I am trying to check how a density function of a bivariate Pareto distribution f(x,y) goes to its accumulated function F(x,y):
$$ f(x,y) = \frac{a(a+1)}{b_1b_2}\biggl [-1 + \frac x {b_1} + \frac y{b_2}\biggr]^{-(a+2)} $$
with $a, b_1$ and $b_2 > 0$, $x>b_1$ and $y>b_2$.

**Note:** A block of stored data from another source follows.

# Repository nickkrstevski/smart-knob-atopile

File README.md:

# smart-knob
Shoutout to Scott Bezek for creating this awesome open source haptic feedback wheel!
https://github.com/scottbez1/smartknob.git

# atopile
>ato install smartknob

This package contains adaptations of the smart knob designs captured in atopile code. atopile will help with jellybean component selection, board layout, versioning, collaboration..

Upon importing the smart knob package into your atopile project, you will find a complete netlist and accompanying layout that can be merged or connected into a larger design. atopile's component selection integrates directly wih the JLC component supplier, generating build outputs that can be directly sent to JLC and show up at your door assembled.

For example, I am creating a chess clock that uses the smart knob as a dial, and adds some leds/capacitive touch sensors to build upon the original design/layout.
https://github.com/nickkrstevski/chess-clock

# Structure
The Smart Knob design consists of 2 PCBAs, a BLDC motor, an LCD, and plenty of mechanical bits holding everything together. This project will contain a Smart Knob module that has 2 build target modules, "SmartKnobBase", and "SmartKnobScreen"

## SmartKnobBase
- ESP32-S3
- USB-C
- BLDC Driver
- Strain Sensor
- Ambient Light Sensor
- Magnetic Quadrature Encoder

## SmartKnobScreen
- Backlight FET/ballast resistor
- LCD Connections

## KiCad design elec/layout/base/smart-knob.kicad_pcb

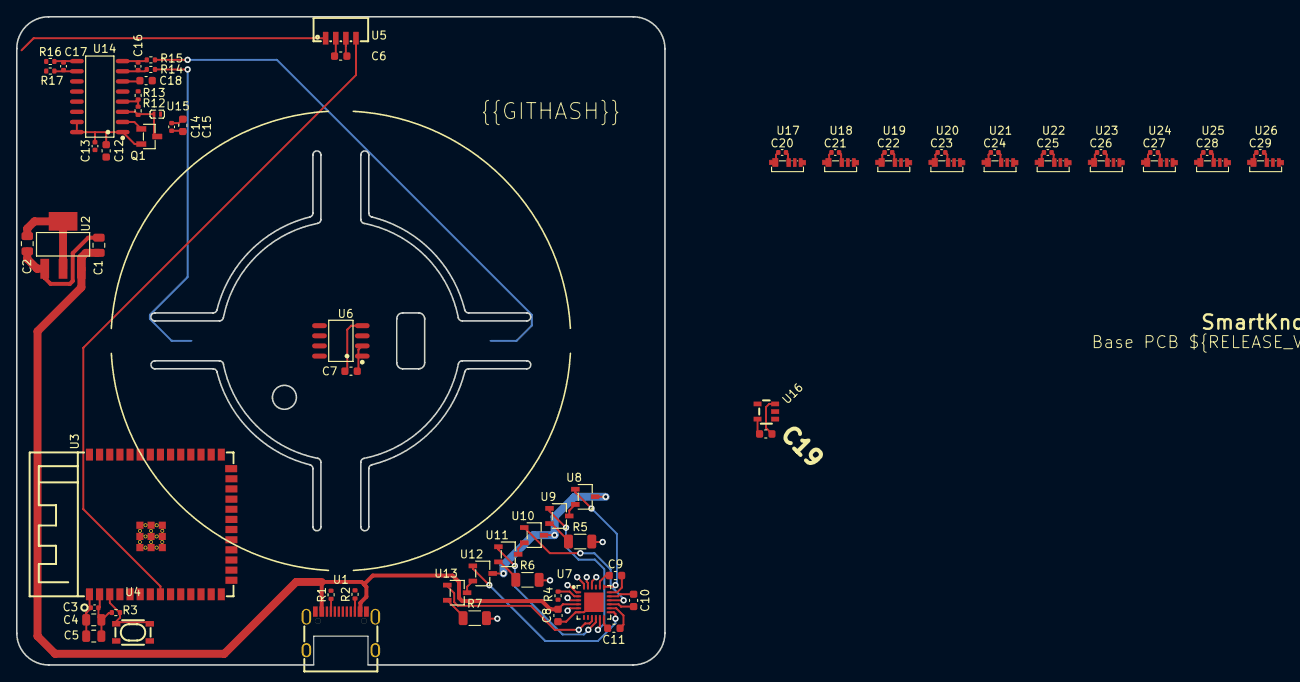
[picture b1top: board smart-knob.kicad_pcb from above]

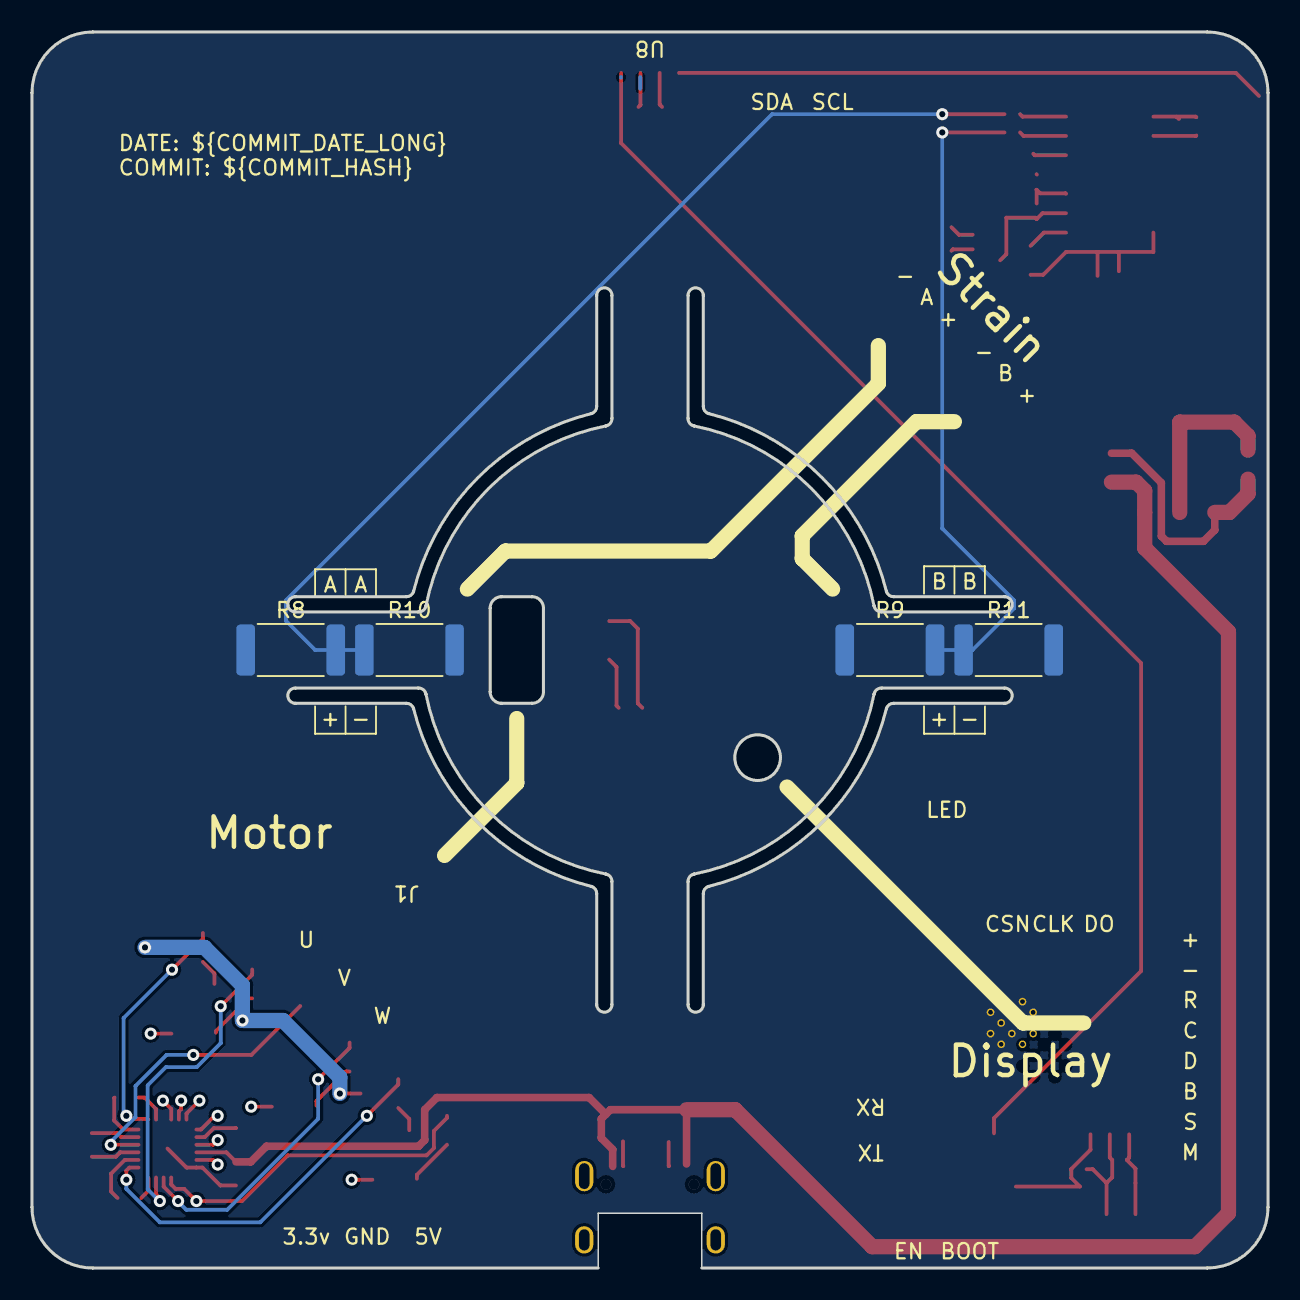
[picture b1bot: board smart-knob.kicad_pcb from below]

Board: 2 copper layers, 81.2 x 81.2 mm, 74 parts (4 on the bottom side), 64 nets.

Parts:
C1, C2, C4, C5: 25V 10uF X5R ±10% 0805 Multilayer Ceramic Capacit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; C0805
C3, C16, C17: 16V 100nF X7R ±10% 0402 Multilayer Ceramic Capaci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; C0402
C6, C7, C12, C15, C18, C19: 50V 100nF X7R ±10% 0603 Multilayer Ceramic Capaci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; C0603
C8, C9, C10, C11: 50V 1uF X5R ±10% 0603 Multilayer Ceramic Capacito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; C0603
C13, C14: 6.3V 10uF X5R ±20% 0402 Multilayer Ceramic Capaci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; C0402
C20, C21, C22, C23, C24, C25, C26, C27, C28, C29: 25V 1uF X5R ±10% 0402 Multilayer Ceramic Capacito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; C0402
Q1: SOT-23-3_L2.9-W1.3-P1.90-LS2.4-BR
R1, R2: 62.5mW Thick Film Resistors ±100ppm/℃ ±1% 5.1kΩ 0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; R0402
R3, R12: 62.5mW Thick Film Resistors ±100ppm/℃ ±1% 10kΩ 04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; R0402
R4: 62.5mW Thick Film Resistors ±100ppm/℃ ±1% 40.2kΩ 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; R0402
R5, R6, R7: 250mW Thick Film Resistors ±800ppm/℃ ±1% 1Ω 1206 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; R1206
R8, R9, R10, R11: 1W Thick Film Resistors ±100ppm/℃ ±5% 330Ω 2512 C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; R2512
R13: 62.5mW Thick Film Resistors ±100ppm/℃ ±1% 8.2kΩ 0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; R0402
R14, R15, R16, R17: 62.5mW Thick Film Resistors ±1% ±200ppm/℃ 100Ω 04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; R0402
U1: USB-C-SMD_KH-TYPE-C-16P
U2: SOT-223-3_L6.5-W3.4-P2.30-LS7.0-BR
U3: WIRELM-SMD_ESP32-S3-WROOM-1
U4: KEY-SMD_4P-L4.2-W3.2-P2.20-LS4.6
U5: SENSOR-SMD_EML7700-TT
U6: SOP-8_L4.9-W3.9-P1.27-LS6.0-BL
U7: VQFN-24_L4.0-W4.0-P0.50-TL-EP2.5
U8, U9, U10, U11, U12, U13: SOT-23-3_L2.9-W1.6-P1.90-LS2.8-BR
U14: SOP-16_L10.0-W3.9-P1.27-LS6.0-BL
U15: 3.3 +/- 0.99 (30%) microhenry; IND-SMD_L1.2-W0.7
U16: SOT-23-5_L2.9-W1.6-P0.95-LS2.8-BR
U17, U18, U19, U20, U21, U22, U23, U24, U25, U26: LED-SMD_4P-L4.0-W1.4_SK6805SIDE-S
Z5: dummy_keepouts; ViewKeepouts3d

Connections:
base: Q1.1, U14.2
cc1: R1.1, U1.A5
cc2: R2.1, U1.B5
clock: U3.38, U14.11
data: U3.31, U14.12
dm: U1.A7, U1.B7, U3.13
dp: U1.A6, U1.B6, U3.14
en: R3.2, U3.3, U4.1, U4.2
esp32s3.ic-sda: U3.8, U5.4
esp32s3.ic-sda-1: U3.7, U16.2
esp32s3.ic-vcc: U3.28, U7.3
esp32s3.ic-vcc-1: U3.26, U7.1
esp32s3.ic-vcc-2: U3.16, U7.22
esp32s3.ic-vcc-3: U3.11, U7.23
esp32s3.ic-vcc-4: R4.1, U3.10, U7.2
esp32s3.ic-vcc-5: U3.9, U7.24
gnd: R5.2, R6.2, R7.2
hba.nfet_low-source: R5.1, U9.2
hbb.nfet_low-source: R6.1, U11.2
hbc.nfet_low-source: R7.1, U13.2
inna: C16.2, R14.2, U14.7
innb: C17.2, R16.2, U14.9
inpa: C16.1, R15.2, U14.8
inpb: C17.1, R17.2, U14.10
io13: U3.21, U6.7
io14: U3.22, U6.8
io37: U3.30, U6.6
ldo3V3-vcc: C2.1, C3.1, C4.1, C5.1, C12.1, C13.1, Q1.2, R3.1, U2.2, U2.4, U3.2, U14.1, U14.15, U14.16
led1-vcc-1: U17.3, U18.4
led2-vcc: U18.3, U19.4
led3-vcc: U19.3, U20.4
led4-vcc: U20.3, U21.4
led5-vcc: U21.3, U22.4
led6-vcc: U22.3, U23.4
led7-vcc: U23.3, U24.4
led8-vcc: U24.3, U25.4
led9-vcc: U25.3, U26.4
light_sensor.ic-gnd: C6.2, U5.3
light_sensor.ic-vcc: C6.1, U5.2
n: R9.2, R11.1, R14.1
p: R8.2, R10.1, R15.1
phase_a: U8.2, U9.3
phase_b: U10.2, U11.3
phase_c: U12.2, U13.3
power_stage-vcc-1: U7.11, U9.1
power_stage-vcc-2: U7.10, U11.1
power_stage-vcc-3: U7.9, U13.1
power_stage-vcc-4: U7.19, U8.1
power_stage-vcc-5: U7.16, U10.1
power_stage-vcc-6: U7.13, U12.1
power_stage-vcc-7: C9.2, U7.18
power_stage-vcc-8: C10.2, U7.15
power_stage-vcc-9: C11.2, U7.12
power_stage.ic-vcc: C9.1, U7.20
power_stage.ic-vcc-1: C10.1, U7.17
power_stage.ic-vcc-2: C11.1, U7.14
scl: U3.12, U5.1
strain_adc.ic-vcc: Q1.3, R12.1, U14.3, U15.1
usbc-gnd: C1.2, C2.2, C3.2, C4.2, C5.2, C7.2, C8.2, C12.2, C13.2, C14.2, C15.2, C18.2, C19.2, C20.2, C21.2, C22.2, C23.2, C24.2, C25.2, C26.2, C27.2, C28.2, C29.2, R1.2, R2.2, R4.2, R10.2, R11.2, R13.2, U1.1, U1.2, U1.3, U1.4, U1.A1, U1.A12, U1.B1, U1.B12, U2.1, U3.1, U3.40, U3.41, U4.3, U4.4, U6.4, U7.6, U7.25, U14.5, U14.14, U16.3, U17.2, U18.2, U19.2, U20.2, U21.2, U22.2, U23.2, U24.2, U25.2, U26.2
usbc-vcc: C1.1, C7.1, C8.1, C19.1, C20.1, C21.1, C22.1, C23.1, C24.1, C25.1, C26.1, C27.1, C28.1, C29.1, U1.A4, U1.A9, U1.B4, U1.B9, U2.3, U6.1, U6.2, U7.4, U16.5, U17.1, U18.1, U19.1, U20.1, U21.1, U22.1, U23.1, U24.1, U25.1, U26.1
vbg: C18.1, U14.6
vcc: U8.3, U10.3, U12.3
vcc-1: C14.1, C15.1, R8.1, R9.1, U15.2
vfb: R12.2, R13.1, U14.4

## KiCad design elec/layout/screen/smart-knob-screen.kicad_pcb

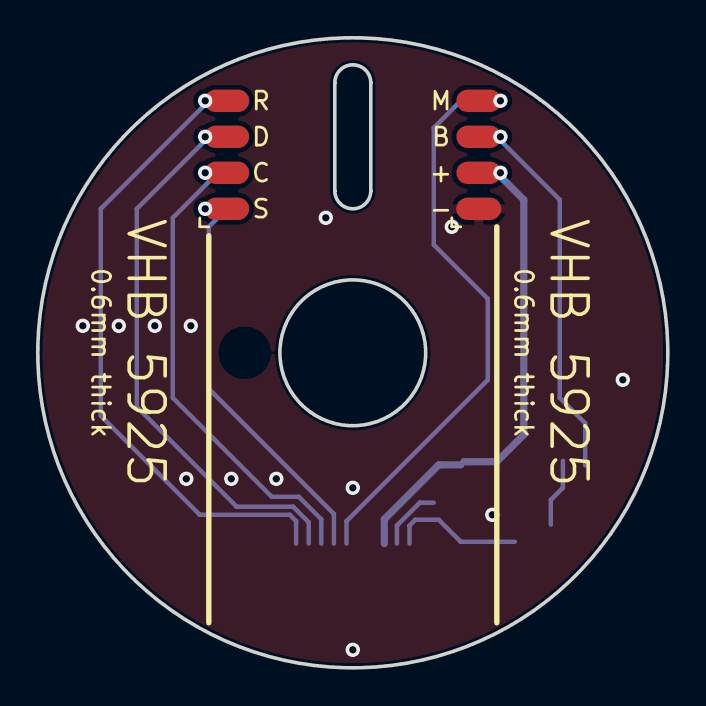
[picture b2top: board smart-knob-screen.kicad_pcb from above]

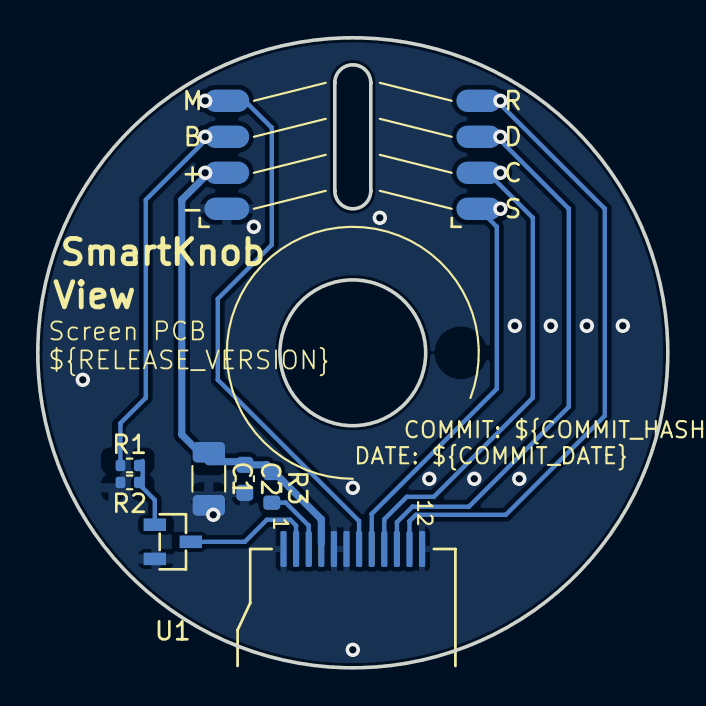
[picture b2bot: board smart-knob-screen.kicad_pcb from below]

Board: 2 copper layers, 35.0 x 35.0 mm, 11 parts (9 on the bottom side), 3 nets.

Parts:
C1: 25V 22uF X5R ±10% 1206 Multilayer Ceramic Capacit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; C1206
C2: 50V 100nF X7R ±10% 0603 Multilayer Ceramic Capaci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; C0603
J1, J3, J4, J5: Conn_01x04; SolderPads_2mm_4
J2: GC9A01; GC9A01Round1.28
R1: 62.5mW Thick Film Resistors ±100ppm/℃ ±1% 10kΩ 04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; R0402
R2: 62.5mW Thick Film Resistors ±100ppm/℃ ±1% 1MΩ 040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; R0402
R3: 100mW Thick Film Resistors ±100ppm/℃ ±1% 22Ω 0603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; R0603
U1: SOT-23-3_L2.9-W1.3-P1.90-LS2.4-BR

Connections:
gate: R1.2, R2.1, U1.1
gnd: C1.2, C2.2, R2.2, U1.2
vcc: C1.1, C2.1, R3.1

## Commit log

2024-02-18 Configure project
2024-02-19 building out modules
2024-02-21 base and screen implemented, need 2 conn bldc driver
2024-02-21 connected 10 leds
2024-02-23 just need motor driver
2024-02-28 she builds!
2024-02-28 building, added power stage and half bridges
2024-03-27 screen layout complete
2024-03-28 base layout 40% complete
2024-04-02 chugging thru layout

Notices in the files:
elec/layout/base/smart-knob.kicad_pcb:
Copyright 2021 Accelerated Designs. All rights reserved.

I tried to solve the double integration of f equal to 1 to find its accumulated version but I am stuck on the point:
To see that the integral of the pdf is equal to 1 you have to adjust the lower limits. I factor out the constants. For less typing work I replace $b_1$ and $b_2$ by $b$ and $c$
$$\frac{a\cdot (a+1)}{b\cdot c} \cdot \int_c^{\infty} \int_b^{\infty} \frac{a(a+1)}{b\cdot c} \left(-1 + \frac{x}{b}+\frac{y}{c} \right)^{-(a+2)} \, dx \, dy$$
The inner integral is
$\int_b^{\infty} \left(-1 + \frac{x}{b}+\frac{y}{c} \right)^{-(a+2)} \, dx= \left[-\frac{b}{a+1}\cdot \left(-1 + \frac{x}{b}+\frac{y}{c} \right)^{-(a+1)}\right]_b^{\infty}$
$=-0-\left[-\frac{b}{a+1}\cdot \left(-1 + \frac{b}{b}+\frac{y}{c} \right)^{-(a+1)}\right]=\frac{b}{a+1}\cdot \left(\frac{y}{c} \right)^{-(a+1)}$
Next, this term has to be integrated w.r.t. $y$
$$ \int_c^{\infty} \frac{b}{a+1}\cdot \left(\frac{y}{c} \right)^{-(a+1)}\, dy$$
It isn´t hard to calculate. The result should be $\frac{b\cdot c}{a\cdot (a+1)}$ since we still have the factored out fraction $\frac{a\cdot (a+1)}{b\cdot c}$.